A medical device manufacturer has a duty to use reasonable care to test, analyze, and inspect the products it sells, and is presumed to know what such tests would have revealed. A medical device manufacturer has a duty to use reasonable care to keep abreast of scientific knowledge, discoveries, advances, and research in the field, and is presumed to know what is imparted thereby.

Id. at *41-42.  Plaintiff’s post-trial argument was that the above jury instruction advises that a manufacturer must use “reasonable care” to design a device that is “reasonably safe,” but then only defines what the jury should consider in determining “reasonable care.”   Plaintiff argued that the definition of “reasonably safe” should come from the strict liability instructions.  Id. at *20-21.  Aha!  So, plaintiff is giving lip service to comment k, but really is asking the court to expand the doctrine to include the more liberal and jury-friendly strict liability standards.  In Washington the strict liability standards for determining whether a product is “not reasonably safe” include both the risk-utility test — whether a product’s risks outweigh the intended benefits — and the even worse, more subjective consumer-expectation test – whether the device functioned as safely as a reasonable consumer would expect.  Id. at *37-39.
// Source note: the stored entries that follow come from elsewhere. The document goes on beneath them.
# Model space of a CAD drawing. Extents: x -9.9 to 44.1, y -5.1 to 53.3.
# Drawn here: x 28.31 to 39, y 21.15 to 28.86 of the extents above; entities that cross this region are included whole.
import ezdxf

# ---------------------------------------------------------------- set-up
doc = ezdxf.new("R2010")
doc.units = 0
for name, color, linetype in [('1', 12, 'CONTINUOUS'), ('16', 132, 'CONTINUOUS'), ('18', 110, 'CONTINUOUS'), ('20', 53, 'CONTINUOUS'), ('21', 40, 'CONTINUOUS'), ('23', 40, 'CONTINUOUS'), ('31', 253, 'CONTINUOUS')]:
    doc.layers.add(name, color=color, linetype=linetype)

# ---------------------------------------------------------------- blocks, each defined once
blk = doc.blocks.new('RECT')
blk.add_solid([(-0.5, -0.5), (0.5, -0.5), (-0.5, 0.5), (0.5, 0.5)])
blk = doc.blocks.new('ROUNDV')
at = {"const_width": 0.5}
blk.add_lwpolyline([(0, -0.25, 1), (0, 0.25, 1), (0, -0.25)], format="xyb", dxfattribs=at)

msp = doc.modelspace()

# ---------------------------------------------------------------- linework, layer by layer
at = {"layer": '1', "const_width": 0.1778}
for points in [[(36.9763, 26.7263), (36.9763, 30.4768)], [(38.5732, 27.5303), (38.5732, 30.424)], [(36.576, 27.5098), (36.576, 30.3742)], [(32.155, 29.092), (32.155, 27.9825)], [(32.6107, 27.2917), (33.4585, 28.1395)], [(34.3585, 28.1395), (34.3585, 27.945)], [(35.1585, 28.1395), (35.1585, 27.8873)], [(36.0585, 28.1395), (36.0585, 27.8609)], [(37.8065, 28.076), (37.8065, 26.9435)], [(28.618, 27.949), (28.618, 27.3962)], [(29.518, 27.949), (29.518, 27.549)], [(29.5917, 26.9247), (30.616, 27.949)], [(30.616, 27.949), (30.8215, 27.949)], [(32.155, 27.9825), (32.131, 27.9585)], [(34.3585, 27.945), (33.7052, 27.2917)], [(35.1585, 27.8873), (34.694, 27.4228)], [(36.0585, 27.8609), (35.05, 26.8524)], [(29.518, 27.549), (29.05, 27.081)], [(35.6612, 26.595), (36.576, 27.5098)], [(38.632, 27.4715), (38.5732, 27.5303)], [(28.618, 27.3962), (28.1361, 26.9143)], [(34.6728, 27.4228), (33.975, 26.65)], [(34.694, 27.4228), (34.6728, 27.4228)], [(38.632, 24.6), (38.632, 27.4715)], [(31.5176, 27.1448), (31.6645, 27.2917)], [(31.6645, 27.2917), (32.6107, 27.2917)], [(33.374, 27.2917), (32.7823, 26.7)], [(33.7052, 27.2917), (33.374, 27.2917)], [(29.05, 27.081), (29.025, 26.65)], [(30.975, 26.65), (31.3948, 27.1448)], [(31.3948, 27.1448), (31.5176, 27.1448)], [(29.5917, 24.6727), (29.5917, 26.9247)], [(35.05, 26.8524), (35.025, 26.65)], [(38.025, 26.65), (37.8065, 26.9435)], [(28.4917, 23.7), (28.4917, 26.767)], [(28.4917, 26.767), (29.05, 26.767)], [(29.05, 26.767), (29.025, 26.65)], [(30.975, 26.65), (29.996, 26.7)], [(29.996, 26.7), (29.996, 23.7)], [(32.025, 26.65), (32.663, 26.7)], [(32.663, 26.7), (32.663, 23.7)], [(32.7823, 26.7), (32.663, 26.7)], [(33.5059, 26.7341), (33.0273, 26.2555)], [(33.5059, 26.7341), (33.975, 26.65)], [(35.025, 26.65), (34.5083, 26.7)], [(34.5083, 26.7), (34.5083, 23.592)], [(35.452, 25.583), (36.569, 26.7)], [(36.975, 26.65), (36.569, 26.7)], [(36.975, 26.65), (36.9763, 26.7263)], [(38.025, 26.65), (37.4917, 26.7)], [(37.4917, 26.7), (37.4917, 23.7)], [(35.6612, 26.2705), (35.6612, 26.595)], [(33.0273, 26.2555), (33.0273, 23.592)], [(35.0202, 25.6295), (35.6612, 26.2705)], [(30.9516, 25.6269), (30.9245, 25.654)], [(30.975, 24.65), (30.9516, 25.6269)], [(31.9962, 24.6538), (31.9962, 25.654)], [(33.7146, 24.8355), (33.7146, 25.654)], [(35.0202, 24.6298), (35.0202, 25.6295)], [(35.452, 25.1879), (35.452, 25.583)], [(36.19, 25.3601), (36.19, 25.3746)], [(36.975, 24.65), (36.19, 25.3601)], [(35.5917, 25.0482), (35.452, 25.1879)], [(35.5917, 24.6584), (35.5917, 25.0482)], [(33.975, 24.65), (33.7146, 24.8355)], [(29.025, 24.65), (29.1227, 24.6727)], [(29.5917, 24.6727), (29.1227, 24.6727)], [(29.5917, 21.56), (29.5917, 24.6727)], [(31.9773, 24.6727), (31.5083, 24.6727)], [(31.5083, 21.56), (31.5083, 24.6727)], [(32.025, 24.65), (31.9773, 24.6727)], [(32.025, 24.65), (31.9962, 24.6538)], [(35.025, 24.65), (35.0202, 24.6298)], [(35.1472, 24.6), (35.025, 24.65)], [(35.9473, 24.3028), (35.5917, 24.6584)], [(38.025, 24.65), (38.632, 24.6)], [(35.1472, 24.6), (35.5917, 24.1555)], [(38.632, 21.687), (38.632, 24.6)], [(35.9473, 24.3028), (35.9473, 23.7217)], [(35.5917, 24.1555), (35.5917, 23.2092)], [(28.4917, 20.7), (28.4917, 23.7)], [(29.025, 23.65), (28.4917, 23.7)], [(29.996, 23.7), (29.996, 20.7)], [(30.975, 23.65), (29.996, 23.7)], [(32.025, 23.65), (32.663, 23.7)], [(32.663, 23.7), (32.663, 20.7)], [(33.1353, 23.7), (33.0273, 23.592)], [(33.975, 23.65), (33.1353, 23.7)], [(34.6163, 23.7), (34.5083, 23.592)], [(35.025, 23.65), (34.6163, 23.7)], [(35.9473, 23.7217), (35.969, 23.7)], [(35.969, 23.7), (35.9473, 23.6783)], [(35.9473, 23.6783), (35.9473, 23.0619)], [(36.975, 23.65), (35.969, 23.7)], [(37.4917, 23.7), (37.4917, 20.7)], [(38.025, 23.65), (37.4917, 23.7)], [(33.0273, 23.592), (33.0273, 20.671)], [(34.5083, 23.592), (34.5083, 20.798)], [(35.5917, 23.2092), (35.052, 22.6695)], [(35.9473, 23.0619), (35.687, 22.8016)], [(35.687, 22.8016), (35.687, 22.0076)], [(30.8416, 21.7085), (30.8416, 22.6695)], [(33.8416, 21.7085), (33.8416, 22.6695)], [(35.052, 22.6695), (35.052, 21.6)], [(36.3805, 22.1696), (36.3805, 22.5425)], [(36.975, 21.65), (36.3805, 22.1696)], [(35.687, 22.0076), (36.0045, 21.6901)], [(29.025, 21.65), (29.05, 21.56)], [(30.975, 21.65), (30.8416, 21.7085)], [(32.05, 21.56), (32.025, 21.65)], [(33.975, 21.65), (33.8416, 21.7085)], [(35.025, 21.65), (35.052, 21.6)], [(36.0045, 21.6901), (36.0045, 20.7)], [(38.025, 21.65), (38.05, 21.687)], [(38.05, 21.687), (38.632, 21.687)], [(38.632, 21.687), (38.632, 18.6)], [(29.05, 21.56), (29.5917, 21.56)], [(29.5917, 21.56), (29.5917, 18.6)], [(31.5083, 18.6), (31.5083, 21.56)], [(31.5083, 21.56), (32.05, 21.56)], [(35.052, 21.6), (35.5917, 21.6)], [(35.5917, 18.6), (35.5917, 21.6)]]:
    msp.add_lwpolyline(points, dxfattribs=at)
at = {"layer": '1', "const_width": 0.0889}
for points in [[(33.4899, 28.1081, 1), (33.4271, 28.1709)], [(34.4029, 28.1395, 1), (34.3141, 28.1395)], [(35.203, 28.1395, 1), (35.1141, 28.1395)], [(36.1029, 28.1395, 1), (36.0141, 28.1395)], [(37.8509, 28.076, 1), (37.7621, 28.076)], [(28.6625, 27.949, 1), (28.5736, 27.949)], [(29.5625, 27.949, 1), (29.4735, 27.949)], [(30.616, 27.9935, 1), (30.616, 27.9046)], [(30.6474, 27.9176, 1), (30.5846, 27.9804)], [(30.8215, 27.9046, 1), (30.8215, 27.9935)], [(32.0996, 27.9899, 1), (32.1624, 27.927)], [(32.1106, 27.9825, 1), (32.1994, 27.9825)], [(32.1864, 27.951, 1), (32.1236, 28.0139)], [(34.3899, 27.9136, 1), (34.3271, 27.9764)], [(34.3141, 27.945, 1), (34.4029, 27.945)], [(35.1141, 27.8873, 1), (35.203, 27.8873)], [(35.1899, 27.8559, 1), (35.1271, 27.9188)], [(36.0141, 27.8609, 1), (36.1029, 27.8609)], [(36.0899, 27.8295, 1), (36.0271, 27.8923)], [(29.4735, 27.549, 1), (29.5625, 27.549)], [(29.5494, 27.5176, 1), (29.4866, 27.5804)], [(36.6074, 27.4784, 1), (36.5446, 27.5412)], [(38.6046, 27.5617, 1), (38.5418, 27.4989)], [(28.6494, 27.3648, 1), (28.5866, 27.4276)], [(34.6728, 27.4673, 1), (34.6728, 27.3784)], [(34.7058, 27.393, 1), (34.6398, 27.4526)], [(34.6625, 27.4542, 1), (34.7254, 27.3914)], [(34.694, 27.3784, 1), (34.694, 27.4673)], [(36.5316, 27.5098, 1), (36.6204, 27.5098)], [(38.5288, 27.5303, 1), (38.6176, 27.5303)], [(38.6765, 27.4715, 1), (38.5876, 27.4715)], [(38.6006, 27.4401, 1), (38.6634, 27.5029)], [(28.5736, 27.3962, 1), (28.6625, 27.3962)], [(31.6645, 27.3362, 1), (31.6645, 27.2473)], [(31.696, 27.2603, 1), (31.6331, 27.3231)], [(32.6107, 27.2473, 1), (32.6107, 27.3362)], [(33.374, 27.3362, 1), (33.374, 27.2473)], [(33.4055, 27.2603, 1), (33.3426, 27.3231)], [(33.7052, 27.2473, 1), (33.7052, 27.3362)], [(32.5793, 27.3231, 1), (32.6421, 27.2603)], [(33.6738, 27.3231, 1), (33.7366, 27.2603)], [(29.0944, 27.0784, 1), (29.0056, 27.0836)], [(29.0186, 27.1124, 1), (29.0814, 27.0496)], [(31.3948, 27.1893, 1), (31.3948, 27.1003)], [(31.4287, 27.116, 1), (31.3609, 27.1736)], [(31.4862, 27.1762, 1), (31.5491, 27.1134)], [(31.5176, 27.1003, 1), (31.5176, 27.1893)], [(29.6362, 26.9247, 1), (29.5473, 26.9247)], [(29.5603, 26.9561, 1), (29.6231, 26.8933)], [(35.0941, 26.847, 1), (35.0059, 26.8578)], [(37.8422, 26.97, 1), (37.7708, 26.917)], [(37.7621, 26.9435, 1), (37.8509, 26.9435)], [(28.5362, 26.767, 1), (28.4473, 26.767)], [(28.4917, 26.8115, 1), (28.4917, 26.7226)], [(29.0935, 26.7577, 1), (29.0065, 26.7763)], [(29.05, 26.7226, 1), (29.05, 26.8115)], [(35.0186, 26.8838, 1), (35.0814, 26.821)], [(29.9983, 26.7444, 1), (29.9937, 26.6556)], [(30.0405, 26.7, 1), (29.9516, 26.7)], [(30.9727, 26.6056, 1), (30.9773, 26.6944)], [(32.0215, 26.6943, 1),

Those are standards used to determine whether a product is “not reasonably safe.”  But that is not a decision that needs to be made in a comment k case.  Washington, like so many other states, has already determined that drugs and medical devices are “unavoidably unsafe.”  The only question that remains is whether the manufacturer took reasonable care to warn of the known risks that make the product “unavoidably unsafe” in the first place.  Plaintiffs are trying to add on a standard for the jury to decide a question which has already been decided as a matter of law.

The Washington Court of Appeals agreed that the comment k instruction that was given properly and completely described the duty of a manufacturer of unavoidably unsafe products:

Under the WPLA and case law, the risk utility and consumer expectations tests are used to determine whether a manufacturer is strictly liable and do not apply to a negligence design defect claim under comment k. And contrary to the assertion of [plaintiff], the Comment K Negligence Instruction addresses the factors the jury should consider in determining whether a medical device manufacturer used reasonable care to design a medical device that is reasonably safe.

Id. at *44.

We applaud the appellate court for adhering to the original interpretation of comment k and keeping the focus on the warnings.  Allowing either the risk-utility or the consumer expectation test to creep into prescription drug and device cases is very dangerous.  Permitting the former in the context of an FDA-approved drug or device is tantamount to allowing a jury to toss away the FDA’s conclusion in approving the product that its benefits outweigh its risks.  As for the consumer-expectation test, drugs and medical devices are the epitome of “complex” products as to which an “ordinary consumer” would have no expectations.  That is precisely why plaintiffs are limited to warning defect claims in these cases.

Back to other interesting k comments, did you know that potassium is the seventh-most abundant element in the Earth’s crust?  Or that Special K has a limited autumn edition flavor –Apple Cinnamon Crunch?